-------- Material to process

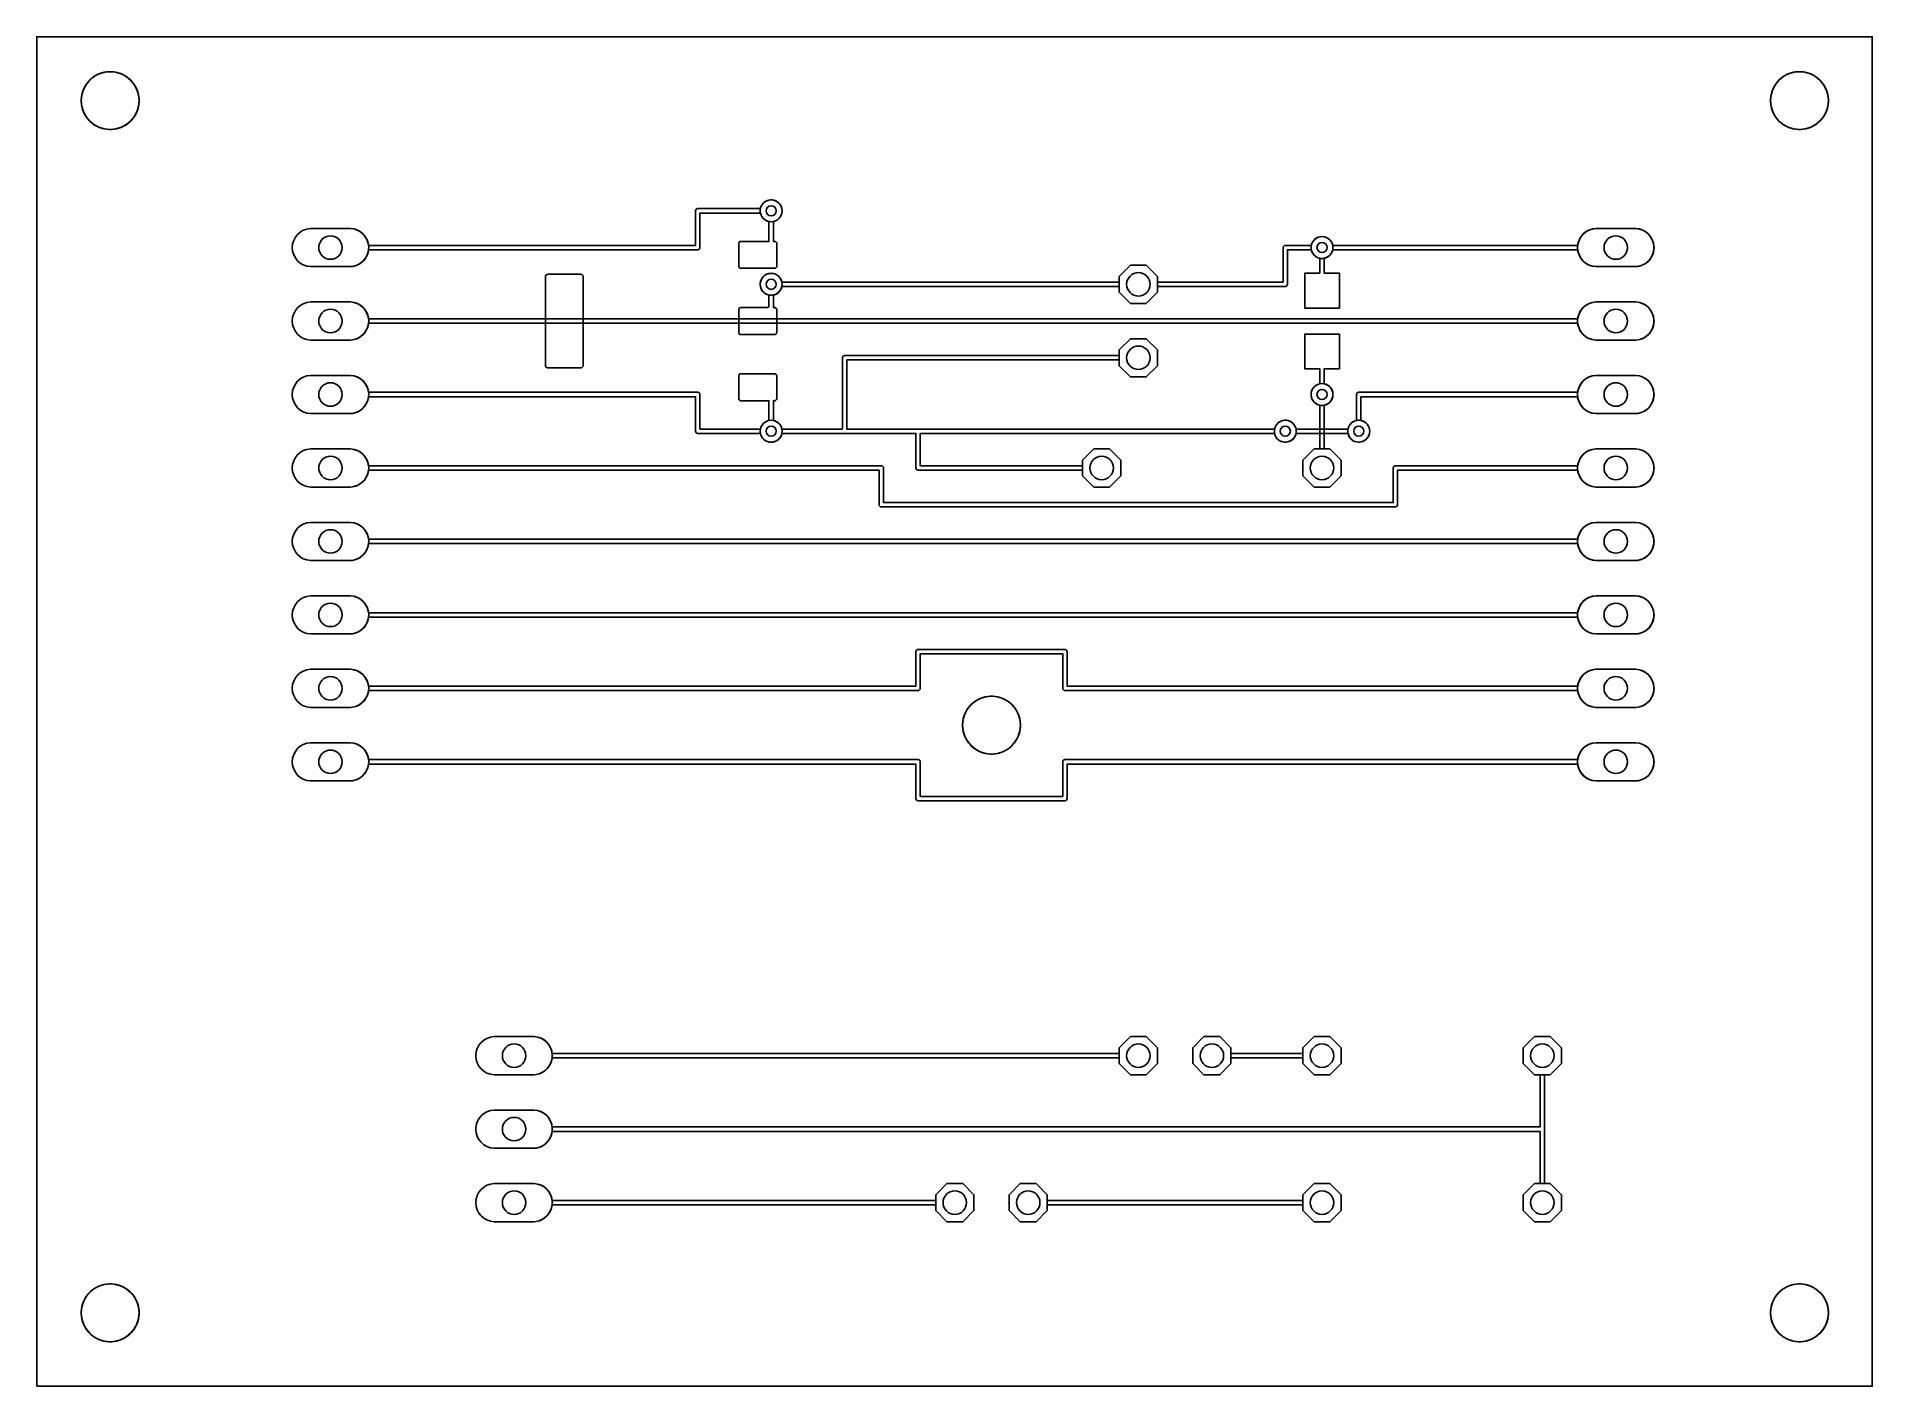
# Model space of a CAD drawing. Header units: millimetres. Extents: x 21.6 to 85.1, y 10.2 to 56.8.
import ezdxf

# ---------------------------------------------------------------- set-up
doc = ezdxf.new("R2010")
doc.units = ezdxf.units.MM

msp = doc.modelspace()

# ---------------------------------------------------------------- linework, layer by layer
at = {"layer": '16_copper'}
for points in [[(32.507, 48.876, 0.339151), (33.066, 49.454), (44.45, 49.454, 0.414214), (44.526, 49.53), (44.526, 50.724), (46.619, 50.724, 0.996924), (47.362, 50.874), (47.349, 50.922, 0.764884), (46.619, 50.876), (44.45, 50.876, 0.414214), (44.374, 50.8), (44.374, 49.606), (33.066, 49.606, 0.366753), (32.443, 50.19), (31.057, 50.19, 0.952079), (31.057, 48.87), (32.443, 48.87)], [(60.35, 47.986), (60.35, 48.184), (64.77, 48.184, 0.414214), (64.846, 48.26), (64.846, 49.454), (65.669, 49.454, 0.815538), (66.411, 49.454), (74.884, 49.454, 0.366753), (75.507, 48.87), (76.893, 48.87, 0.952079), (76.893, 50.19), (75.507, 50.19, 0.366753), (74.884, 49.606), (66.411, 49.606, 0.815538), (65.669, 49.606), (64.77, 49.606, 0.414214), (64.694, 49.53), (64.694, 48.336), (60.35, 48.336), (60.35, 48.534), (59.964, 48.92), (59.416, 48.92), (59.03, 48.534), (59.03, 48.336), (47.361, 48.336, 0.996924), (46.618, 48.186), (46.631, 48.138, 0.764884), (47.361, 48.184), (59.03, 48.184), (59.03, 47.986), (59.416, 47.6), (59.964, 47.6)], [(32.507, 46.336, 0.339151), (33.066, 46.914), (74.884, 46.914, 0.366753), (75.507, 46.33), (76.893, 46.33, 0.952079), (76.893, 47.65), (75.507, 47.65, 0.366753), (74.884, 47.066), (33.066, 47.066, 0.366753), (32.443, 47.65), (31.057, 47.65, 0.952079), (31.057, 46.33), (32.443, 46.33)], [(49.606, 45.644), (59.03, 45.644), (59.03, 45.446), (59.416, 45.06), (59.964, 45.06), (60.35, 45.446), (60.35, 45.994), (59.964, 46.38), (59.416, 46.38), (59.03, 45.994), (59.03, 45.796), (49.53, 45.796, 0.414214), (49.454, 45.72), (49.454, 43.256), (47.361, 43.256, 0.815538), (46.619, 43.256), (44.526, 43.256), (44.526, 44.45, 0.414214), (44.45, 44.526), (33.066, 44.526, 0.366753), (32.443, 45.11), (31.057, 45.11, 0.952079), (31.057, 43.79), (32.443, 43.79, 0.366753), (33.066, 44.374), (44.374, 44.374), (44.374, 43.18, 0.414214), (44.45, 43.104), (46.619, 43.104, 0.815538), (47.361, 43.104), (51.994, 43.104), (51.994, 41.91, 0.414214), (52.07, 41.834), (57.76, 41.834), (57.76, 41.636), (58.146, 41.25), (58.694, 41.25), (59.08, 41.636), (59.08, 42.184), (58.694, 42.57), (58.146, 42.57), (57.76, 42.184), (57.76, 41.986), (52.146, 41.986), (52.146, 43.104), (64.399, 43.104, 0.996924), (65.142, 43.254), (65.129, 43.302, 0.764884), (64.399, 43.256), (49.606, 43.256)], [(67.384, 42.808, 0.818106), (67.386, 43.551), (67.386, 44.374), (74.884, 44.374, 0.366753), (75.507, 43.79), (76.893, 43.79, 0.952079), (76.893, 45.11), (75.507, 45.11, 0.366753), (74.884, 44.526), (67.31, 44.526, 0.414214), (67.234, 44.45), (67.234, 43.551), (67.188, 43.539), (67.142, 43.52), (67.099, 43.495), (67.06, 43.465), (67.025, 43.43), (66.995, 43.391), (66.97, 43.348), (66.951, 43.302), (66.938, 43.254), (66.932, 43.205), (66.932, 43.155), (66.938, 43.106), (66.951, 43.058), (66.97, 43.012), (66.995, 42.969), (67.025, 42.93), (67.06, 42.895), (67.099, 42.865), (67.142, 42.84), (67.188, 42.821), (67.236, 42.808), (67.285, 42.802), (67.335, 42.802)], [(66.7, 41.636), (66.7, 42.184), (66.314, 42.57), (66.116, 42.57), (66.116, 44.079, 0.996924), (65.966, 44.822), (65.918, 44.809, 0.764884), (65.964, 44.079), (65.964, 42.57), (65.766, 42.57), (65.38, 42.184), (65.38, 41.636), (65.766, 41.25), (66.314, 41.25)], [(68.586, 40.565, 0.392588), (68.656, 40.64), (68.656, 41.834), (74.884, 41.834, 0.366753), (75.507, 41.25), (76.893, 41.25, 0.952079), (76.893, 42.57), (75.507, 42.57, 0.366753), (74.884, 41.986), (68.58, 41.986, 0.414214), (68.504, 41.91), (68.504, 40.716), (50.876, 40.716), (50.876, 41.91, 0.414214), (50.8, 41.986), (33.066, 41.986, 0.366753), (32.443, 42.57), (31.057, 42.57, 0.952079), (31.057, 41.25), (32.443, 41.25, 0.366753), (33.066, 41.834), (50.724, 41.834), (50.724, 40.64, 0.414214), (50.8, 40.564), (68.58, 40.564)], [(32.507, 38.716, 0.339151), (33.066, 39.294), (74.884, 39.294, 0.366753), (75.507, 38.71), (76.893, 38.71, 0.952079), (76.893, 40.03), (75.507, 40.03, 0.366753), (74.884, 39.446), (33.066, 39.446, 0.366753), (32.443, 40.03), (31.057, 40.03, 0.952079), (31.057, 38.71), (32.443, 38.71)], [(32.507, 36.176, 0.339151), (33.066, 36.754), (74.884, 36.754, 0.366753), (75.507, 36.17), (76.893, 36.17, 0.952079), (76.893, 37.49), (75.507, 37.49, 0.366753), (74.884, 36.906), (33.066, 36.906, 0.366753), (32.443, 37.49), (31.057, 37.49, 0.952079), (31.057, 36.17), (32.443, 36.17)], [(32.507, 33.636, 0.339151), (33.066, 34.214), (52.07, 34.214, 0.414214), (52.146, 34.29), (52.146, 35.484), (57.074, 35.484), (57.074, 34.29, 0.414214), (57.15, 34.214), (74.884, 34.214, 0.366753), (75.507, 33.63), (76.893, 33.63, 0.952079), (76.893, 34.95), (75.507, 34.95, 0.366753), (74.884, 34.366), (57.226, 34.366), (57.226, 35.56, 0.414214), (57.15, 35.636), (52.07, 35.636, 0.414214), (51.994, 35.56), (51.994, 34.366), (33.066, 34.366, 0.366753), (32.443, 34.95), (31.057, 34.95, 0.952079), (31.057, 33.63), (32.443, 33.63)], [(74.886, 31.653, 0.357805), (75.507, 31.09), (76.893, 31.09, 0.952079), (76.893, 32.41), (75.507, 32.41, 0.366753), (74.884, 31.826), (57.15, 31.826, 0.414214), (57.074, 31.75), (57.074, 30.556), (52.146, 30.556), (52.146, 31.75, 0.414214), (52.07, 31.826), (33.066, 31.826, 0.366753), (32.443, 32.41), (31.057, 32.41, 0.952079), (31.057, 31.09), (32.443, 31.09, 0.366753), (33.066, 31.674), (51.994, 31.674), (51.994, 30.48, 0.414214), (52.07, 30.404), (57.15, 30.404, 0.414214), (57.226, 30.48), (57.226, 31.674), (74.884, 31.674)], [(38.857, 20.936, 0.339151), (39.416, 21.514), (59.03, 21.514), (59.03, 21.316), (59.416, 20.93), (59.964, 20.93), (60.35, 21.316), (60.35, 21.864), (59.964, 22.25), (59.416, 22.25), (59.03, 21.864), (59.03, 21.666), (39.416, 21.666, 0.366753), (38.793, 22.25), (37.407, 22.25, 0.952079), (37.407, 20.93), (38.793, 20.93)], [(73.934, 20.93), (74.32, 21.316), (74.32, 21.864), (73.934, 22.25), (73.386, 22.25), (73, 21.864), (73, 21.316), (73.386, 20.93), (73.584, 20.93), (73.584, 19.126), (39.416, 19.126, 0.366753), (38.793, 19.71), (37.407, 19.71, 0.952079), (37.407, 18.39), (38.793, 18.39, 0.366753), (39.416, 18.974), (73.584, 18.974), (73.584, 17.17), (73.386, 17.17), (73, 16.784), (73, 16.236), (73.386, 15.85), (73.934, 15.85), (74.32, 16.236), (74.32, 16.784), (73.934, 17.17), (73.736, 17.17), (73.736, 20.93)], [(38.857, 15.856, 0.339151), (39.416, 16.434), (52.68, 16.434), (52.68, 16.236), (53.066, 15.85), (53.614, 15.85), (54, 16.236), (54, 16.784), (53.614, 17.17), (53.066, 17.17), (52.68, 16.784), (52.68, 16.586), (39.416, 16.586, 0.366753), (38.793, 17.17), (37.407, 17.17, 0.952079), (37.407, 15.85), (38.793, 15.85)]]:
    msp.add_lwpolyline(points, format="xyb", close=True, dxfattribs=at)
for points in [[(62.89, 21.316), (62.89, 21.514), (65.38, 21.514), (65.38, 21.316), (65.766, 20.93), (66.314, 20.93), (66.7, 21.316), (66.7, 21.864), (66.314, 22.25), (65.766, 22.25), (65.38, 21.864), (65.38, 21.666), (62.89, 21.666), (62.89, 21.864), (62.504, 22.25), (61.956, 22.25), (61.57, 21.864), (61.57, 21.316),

----------------

Gather each line in the entries above where the string "layer" is found.

# ---------------------------------------------------------------- linework, layer by layer
at = {"layer": '16_copper'}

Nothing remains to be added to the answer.